(Data records)
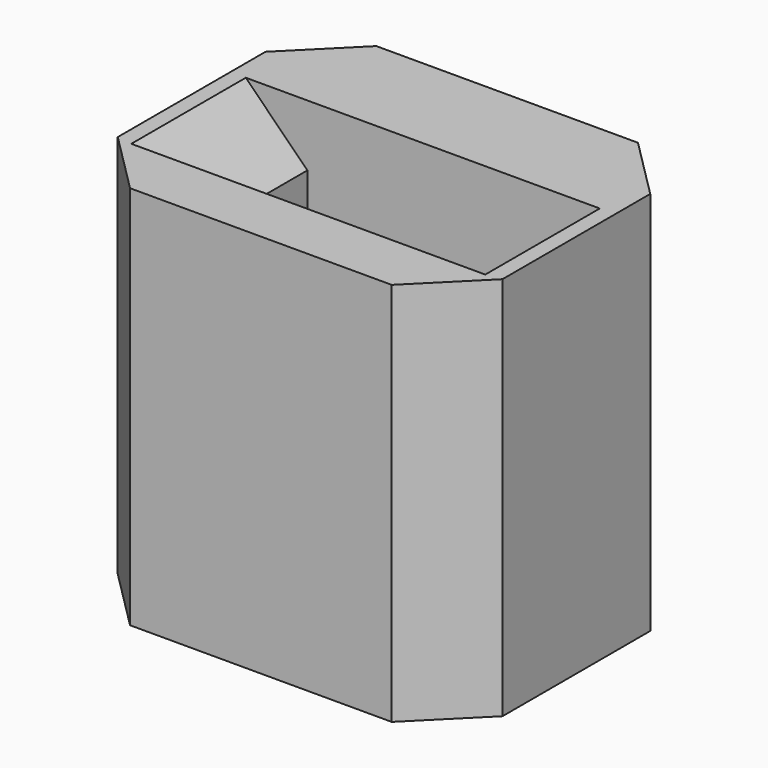
from build123d import *

# Parameters (mm, degrees)
F0_W         = 25
F0_H         = 20
F0_W_2       = 15
F0_H_2       = 6.3
F1_DEPTH     = 25
F2_W         = 15
F2_H         = 6.3
F3_DEPTH     = 2
F4_SIZE      = 4
F5_SIZE      = 3
F6_T1_DEPTH  = 15
F6_T6_DEPTH  = 6.1776695297
F6_T11_DEPTH = 6.1776695297


# Not quite as in the source:
# - a fillet or chamfer that OpenCascade refuses, or shapes differently, is made with other operations: its cross-section is extruded or revolved along the edge and cut away or added


with BuildPart() as f1:
    # F0 (on Top) → F1 (new body)
    with BuildSketch(Plane.XY):
        Rectangle(F0_W, F0_H)
        Rectangle(F0_W_2, F0_H_2, mode=Mode.SUBTRACT)
    extrude(amount=F1_DEPTH)

    # F2 (on face) → F3 (join)
    with BuildSketch(Plane(origin=(0, 0, 0), x_dir=(1, 0, 0), z_dir=(0, 0, -1))):
        Rectangle(F2_W, F2_H)
    extrude(amount=-F3_DEPTH)

    # F4
    f4_edges = [f1.edges().sort_by_distance(p)[0] for p in [
        (-7.5, 0, 25),
        (7.5, 0, 25),
        (-12.5, -10, 12.5),
        (12.5, -10, 12.5),
        (12.5, 10, 12.5),
        (-12.5, 10, 12.5),
    ]]
    chamfer(f4_edges, length=F4_SIZE)

    # F5
    f5_edges = [f1.edges().sort_by_distance(p)[0] for p in [
        (0, -3.15, 25),
    ]]
    chamfer(f5_edges, length=F5_SIZE)

    # F6: fillet of radius 5 on 1 edges, made by hand

    # F6_s2 → F6_t1 (cut)
    with BuildSketch(Plane.YZ.offset(-7.5)):
        with BuildLine():
            ThreePointArc((-4.6144660941, 23.4644660941), (-3.5306023374, 21.84234935), (-3.15, 19.9289321881))
            Line((-3.15, 19.9289321881), (-3.15, 22))
            Line((-3.15, 22), (-4.6144660941, 23.4644660941))
        make_face()
    extrude(amount=F6_T1_DEPTH, mode=Mode.SUBTRACT)


with BuildPart() as f6_tool4:
    # F6_s5 → F6_t6 (new body)
    with BuildSketch(Plane.YZ.offset(13.6776695297)):
        with BuildLine():
            ThreePointArc((-4.6144660941, 23.4644660941), (-3.5306023374, 21.84234935), (-3.15, 19.9289321881))
            Line((-3.15, 19.9289321881), (-3.15, 22))
            Line((-3.15, 22), (-4.6144660941, 23.4644660941))
        make_face()
    extrude(amount=-F6_T6_DEPTH)

    split(bisect_by=Plane(origin=(-6.75, 0, 6.75), x_dir=(0, 1, 0), z_dir=(-0.7071067812, 0, 0.7071067812)), keep=Keep.TOP)


with BuildPart() as f1_1:
    add(f1.part)

    # F6_t3: cut F6_tool4
    add(f6_tool4.part, mode=Mode.SUBTRACT)


with BuildPart() as f6_tool9:
    # F6_s10 → F6_t11 (new body)
    with BuildSketch(Plane.YZ.offset(-7.5)):
        with BuildLine():
            ThreePointArc((-4.6144660941, 23.4644660941), (-3.5306023374, 21.84234935), (-3.15, 19.9289321881))
            Line((-3.15, 19.9289321881), (-3.15, 22))
            Line((-3.15, 22), (-4.6144660941, 23.4644660941))
        make_face()
    extrude(amount=-F6_T11_DEPTH)

    split(bisect_by=Plane(origin=(6.75, 0, 6.75), x_dir=(0, 1, 0), z_dir=(0.7071067812, 0, 0.7071067812)), keep=Keep.TOP)


with BuildPart() as f1_2:
    add(f1_1.part)

    # F6_t8: cut F6_tool9
    add(f6_tool9.part, mode=Mode.SUBTRACT)


solid = f1_2.part

_TASK STATEMENT_.
Line count for the string "chamfer": state how many lines in the data contain it, and output nothing else.

_EXPECTED ANSWER_.
3